At VivaTech, India will present this model as more than a domestic success story. It will be projected as a global development approach. The Indian pavilion is expected to highlight artificial intelligence, Digital Public Infrastructure, startup innovation and advanced technology sectors. The participation of unicorns, high-growth startups and technology enterprises will show the depth of India’s innovation ecosystem. The sectors on display will include AI, aerospace, defence technology, space technology, health technology, deep technology, SaaS, climate technology, mobility, robotics and cybersecurity.

The importance of this partnership goes beyond exhibition space. It places India at the centre of global conversations on responsible AI, digital sovereignty and technology-led growth. Many countries are searching for ways to use AI while protecting citizens, jobs, privacy and national interests. India’s experience gives it a strong voice in this debate because it combines scale, talent, affordability and public-purpose technology.

India also enters VivaTech 2026 with one of the world’s largest pools of engineers, developers, startup founders and digital entrepreneurs. Its startup ecosystem has matured across fintech, edtech, healthtech, enterprise software, space, drones, defence systems, cybersecurity and AI applications. This gives India a practical advantage. The country is not only speaking about future technology; it is building and deploying it across real-world sectors.

The event will also strengthen India-France technology cooperation. VivaTech 2026 aligns with the India-France Year of Innovation 2026, giving both countries a strong platform to expand collaboration in entrepreneurship, research, artificial intelligence, advanced manufacturing, digital infrastructure and frontier technologies. France brings deep capabilities in aerospace, research, design, luxury technology, climate innovation and European market access. India brings scale, talent, digital platforms, cost-effective innovation and a fast-growing startup base. Together, the partnership can open new paths for joint ventures, investment flows and technology exchange.

The presence of Indian government bodies such as DPIIT, the Ministry of Electronics and Information Technology and the Ministry of Education also shows a whole-of-government approach. India’s AI and digital rise is being shaped through policy, education, investment, entrepreneurship and infrastructure. This matters because AI leadership requires more than software talent. It needs computing power, research institutions, startup capital, skilled manpower, trusted data frameworks and strong global partnerships.

For Indian startups, VivaTech 2026 can become a gateway to Europe and the wider global market. It will give young companies access to investors, enterprise customers, policy leaders and technology partners. For global companies, India’s pavilion will offer a view into a market that combines massive demand with deep engineering capability. For policymakers, it will show how digital innovation can be used for inclusive growth rather than only elite consumption.

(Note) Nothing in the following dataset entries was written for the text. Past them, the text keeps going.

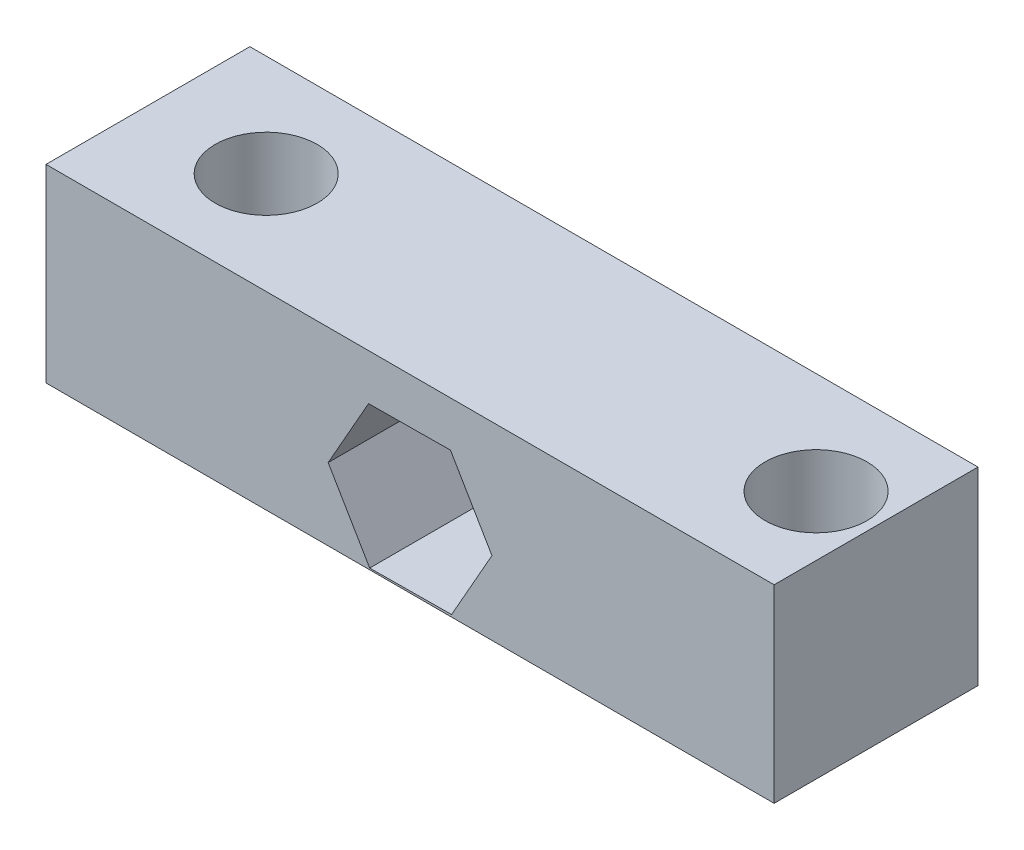
ISO-10303-21;
HEADER;
FILE_DESCRIPTION(('STEP AP214'),'2;1');
FILE_NAME('part.step','',(''),(''),'','','');
FILE_SCHEMA(('AUTOMOTIVE_DESIGN { 1 0 10303 214 1 1 1 1 }'));
ENDSEC;
DATA;
#1=APPLICATION_CONTEXT('core data for automotive mechanical design processes');
#2=APPLICATION_PROTOCOL_DEFINITION('international standard','automotive_design',2000,#1);
#3=PRODUCT_CONTEXT('',#1,'mechanical');
#4=PRODUCT('Part','Part','',(#3));
#5=PRODUCT_RELATED_PRODUCT_CATEGORY('part','',(#4));
#6=PRODUCT_DEFINITION_FORMATION('','',#4);
#7=PRODUCT_DEFINITION_CONTEXT('part definition',#1,'design');
#8=PRODUCT_DEFINITION('design','',#6,#7);
#9=PRODUCT_DEFINITION_SHAPE('','',#8);
#10=(LENGTH_UNIT() NAMED_UNIT(*) SI_UNIT(.MILLI.,.METRE.));
#11=(NAMED_UNIT(*) PLANE_ANGLE_UNIT() SI_UNIT($,.RADIAN.));
#12=(NAMED_UNIT(*) SI_UNIT($,.STERADIAN.) SOLID_ANGLE_UNIT());
#13=UNCERTAINTY_MEASURE_WITH_UNIT(LENGTH_MEASURE(1.E-05),#10,'distance_accuracy_value','');
#14=(GEOMETRIC_REPRESENTATION_CONTEXT(3) GLOBAL_UNCERTAINTY_ASSIGNED_CONTEXT((#13)) GLOBAL_UNIT_ASSIGNED_CONTEXT((#10,
#11,#12)) REPRESENTATION_CONTEXT('',''));
#15=CARTESIAN_POINT('',(0.,0.,0.));
#16=DIRECTION('',(0.,0.,1.));
#17=DIRECTION('',(1.,0.,0.));
#18=AXIS2_PLACEMENT_3D('',#15,#16,#17);
#19=CARTESIAN_POINT('',(0.,6.5,0.));
#20=DIRECTION('',(0.,1.,0.));
#21=DIRECTION('',(0.,0.,1.));
#22=AXIS2_PLACEMENT_3D('',#19,#20,#21);
#23=PLANE('',#22);
#24=CARTESIAN_POINT('',(10.44,6.5,0.));
#25=DIRECTION('',(0.,1.,0.));
#26=DIRECTION('',(0.,0.,1.));
#27=AXIS2_PLACEMENT_3D('',#24,#25,#26);
#28=CIRCLE('',#27,1.75);
#29=CARTESIAN_POINT('',(10.44,6.5,-1.75000000000002));
#30=VERTEX_POINT('',#29);
#31=EDGE_CURVE('E196',#30,#30,#28,.T.);
#32=ORIENTED_EDGE('',*,*,#31,.F.);
#33=EDGE_LOOP('',(#32));
#34=FACE_BOUND('',#33,.T.);
#35=DIRECTION('',(0.,0.,-1.));
#36=VECTOR('',#35,1.);
#37=CARTESIAN_POINT('',(12.5,6.5,-3.5));
#38=LINE('',#37,#36);
#39=CARTESIAN_POINT('',(12.5,6.5,3.5));
#40=VERTEX_POINT('',#39);
#41=CARTESIAN_POINT('',(12.5,6.5,-3.5));
#42=VERTEX_POINT('',#41);
#43=EDGE_CURVE('E204',#40,#42,#38,.T.);
#44=ORIENTED_EDGE('',*,*,#43,.T.);
#45=DIRECTION('',(-1.,0.,0.));
#46=VECTOR('',#45,1.);
#47=CARTESIAN_POINT('',(-12.5,6.5,-3.5));
#48=LINE('',#47,#46);
#49=CARTESIAN_POINT('',(-12.5,6.5,-3.5));
#50=VERTEX_POINT('',#49);
#51=EDGE_CURVE('E208',#42,#50,#48,.T.);
#52=ORIENTED_EDGE('',*,*,#51,.T.);
#53=DIRECTION('',(0.,0.,1.));
#54=VECTOR('',#53,1.);
#55=CARTESIAN_POINT('',(-12.5,6.5,-3.5));
#56=LINE('',#55,#54);
#57=CARTESIAN_POINT('',(-12.5,6.5,3.5));
#58=VERTEX_POINT('',#57);
#59=EDGE_CURVE('E212',#50,#58,#56,.T.);
#60=ORIENTED_EDGE('',*,*,#59,.T.);
#61=DIRECTION('',(1.,0.,0.));
#62=VECTOR('',#61,1.);
#63=CARTESIAN_POINT('',(-12.5,6.5,3.5));
#64=LINE('',#63,#62);
#65=EDGE_CURVE('E215',#58,#40,#64,.T.);
#66=ORIENTED_EDGE('',*,*,#65,.T.);
#67=EDGE_LOOP('',(#44,#52,#60,#66));
#68=FACE_BOUND('',#67,.T.);
#69=CARTESIAN_POINT('',(-8.44,6.5,0.));
#70=DIRECTION('',(0.,1.,0.));
#71=DIRECTION('',(0.,0.,1.));
#72=AXIS2_PLACEMENT_3D('',#69,#70,#71);
#73=CIRCLE('',#72,1.75);
#74=CARTESIAN_POINT('',(-8.44,6.5,-1.75));
#75=VERTEX_POINT('',#74);
#76=EDGE_CURVE('E188',#75,#75,#73,.T.);
#77=ORIENTED_EDGE('',*,*,#76,.F.);
#78=EDGE_LOOP('',(#77));
#79=FACE_BOUND('',#78,.T.);
#80=ADVANCED_FACE('F39',(#34,#68,#79),#23,.T.);
#81=CARTESIAN_POINT('',(0.,0.,0.));
#82=DIRECTION('',(0.,1.,0.));
#83=DIRECTION('',(0.,0.,1.));
#84=AXIS2_PLACEMENT_3D('',#81,#82,#83);
#85=PLANE('',#84);
#86=DIRECTION('',(0.,0.,-1.));
#87=VECTOR('',#86,1.);
#88=CARTESIAN_POINT('',(12.5,0.,-3.5));
#89=LINE('',#88,#87);
#90=CARTESIAN_POINT('',(12.5,0.,3.5));
#91=VERTEX_POINT('',#90);
#92=CARTESIAN_POINT('',(12.5,0.,-3.5));
#93=VERTEX_POINT('',#92);
#94=EDGE_CURVE('E200',#91,#93,#89,.T.);
#95=ORIENTED_EDGE('',*,*,#94,.F.);
#96=DIRECTION('',(1.,0.,0.));
#97=VECTOR('',#96,1.);
#98=CARTESIAN_POINT('',(-12.5,0.,3.5));
#99=LINE('',#98,#97);
#100=CARTESIAN_POINT('',(-12.5,0.,3.5));
#101=VERTEX_POINT('',#100);
#102=EDGE_CURVE('E209',#101,#91,#99,.T.);
#103=ORIENTED_EDGE('',*,*,#102,.F.);
#104=DIRECTION('',(0.,0.,1.));
#105=VECTOR('',#104,1.);
#106=CARTESIAN_POINT('',(-12.5,0.,-3.5));
#107=LINE('',#106,#105);
#108=CARTESIAN_POINT('',(-12.5,0.,-3.5));
#109=VERTEX_POINT('',#108);
#110=EDGE_CURVE('E225',#109,#101,#107,.T.);
#111=ORIENTED_EDGE('',*,*,#110,.F.);
#112=DIRECTION('',(-1.,0.,0.));
#113=VECTOR('',#112,1.);
#114=CARTESIAN_POINT('',(-12.5,0.,-3.5));
#115=LINE('',#114,#113);
#116=EDGE_CURVE('E222',#93,#109,#115,.T.);
#117=ORIENTED_EDGE('',*,*,#116,.F.);
#118=EDGE_LOOP('',(#95,#103,#111,#117));
#119=FACE_BOUND('',#118,.T.);
#120=CARTESIAN_POINT('',(10.44,0.,0.));
#121=DIRECTION('',(0.,1.,0.));
#122=DIRECTION('',(0.,0.,1.));
#123=AXIS2_PLACEMENT_3D('',#120,#121,#122);
#124=CIRCLE('',#123,1.75);
#125=CARTESIAN_POINT('',(10.44,0.,-1.75000000000002));
#126=VERTEX_POINT('',#125);
#127=EDGE_CURVE('E192',#126,#126,#124,.T.);
#128=ORIENTED_EDGE('',*,*,#127,.T.);
#129=EDGE_LOOP('',(#128));
#130=FACE_BOUND('',#129,.T.);
#131=CARTESIAN_POINT('',(-8.44,0.,0.));
#132=DIRECTION('',(0.,1.,0.));
#133=DIRECTION('',(0.,0.,1.));
#134=AXIS2_PLACEMENT_3D('',#131,#132,#133);
#135=CIRCLE('',#134,1.75);
#136=CARTESIAN_POINT('',(-8.44,0.,-1.75));
#137=VERTEX_POINT('',#136);
#138=EDGE_CURVE('E177',#137,#137,#135,.T.);
#139=ORIENTED_EDGE('',*,*,#138,.T.);
#140=EDGE_LOOP('',(#139));
#141=FACE_BOUND('',#140,.T.);
#142=ADVANCED_FACE('F248',(#119,#130,#141),#85,.F.);
#143=CARTESIAN_POINT('',(12.5,6.5,-3.5));
#144=DIRECTION('',(-1.,0.,0.));
#145=DIRECTION('',(0.,0.,1.));
#146=AXIS2_PLACEMENT_3D('',#143,#144,#145);
#147=PLANE('',#146);
#148=ORIENTED_EDGE('',*,*,#94,.T.);
#149=DIRECTION('',(0.,-1.,0.));
#150=VECTOR('',#149,1.);
#151=CARTESIAN_POINT('',(12.5,6.5,-3.5));
#152=LINE('',#151,#150);
#153=EDGE_CURVE('E11',#42,#93,#152,.T.);
#154=ORIENTED_EDGE('',*,*,#153,.F.);
#155=ORIENTED_EDGE('',*,*,#43,.F.);
#156=DIRECTION('',(0.,-1.,0.));
#157=VECTOR('',#156,1.);
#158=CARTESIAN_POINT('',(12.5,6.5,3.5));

India’s role as official AI country partner also carries strategic meaning. Artificial intelligence is now linked with economic power, national security, industrial competitiveness and diplomatic influence. Countries that lead in AI will influence the next generation of global systems. By taking a prominent position at VivaTech 2026, India is signalling that it intends to help shape this future.

The larger story is simple. India is no longer standing at the edge of the global technology conversation. It is entering the main stage with confidence, scale and purpose. VivaTech 2026 will give India an opportunity to show that its digital revolution is not limited to apps and startups. It is a national capability built on talent, public infrastructure, entrepreneurship and a belief that technology must serve people.

India’s message in Paris will be that the next phase of artificial intelligence should be intelligent, inclusive and human-centred. That is where India’s strength lies, and that is why its role at VivaTech 2026 matters.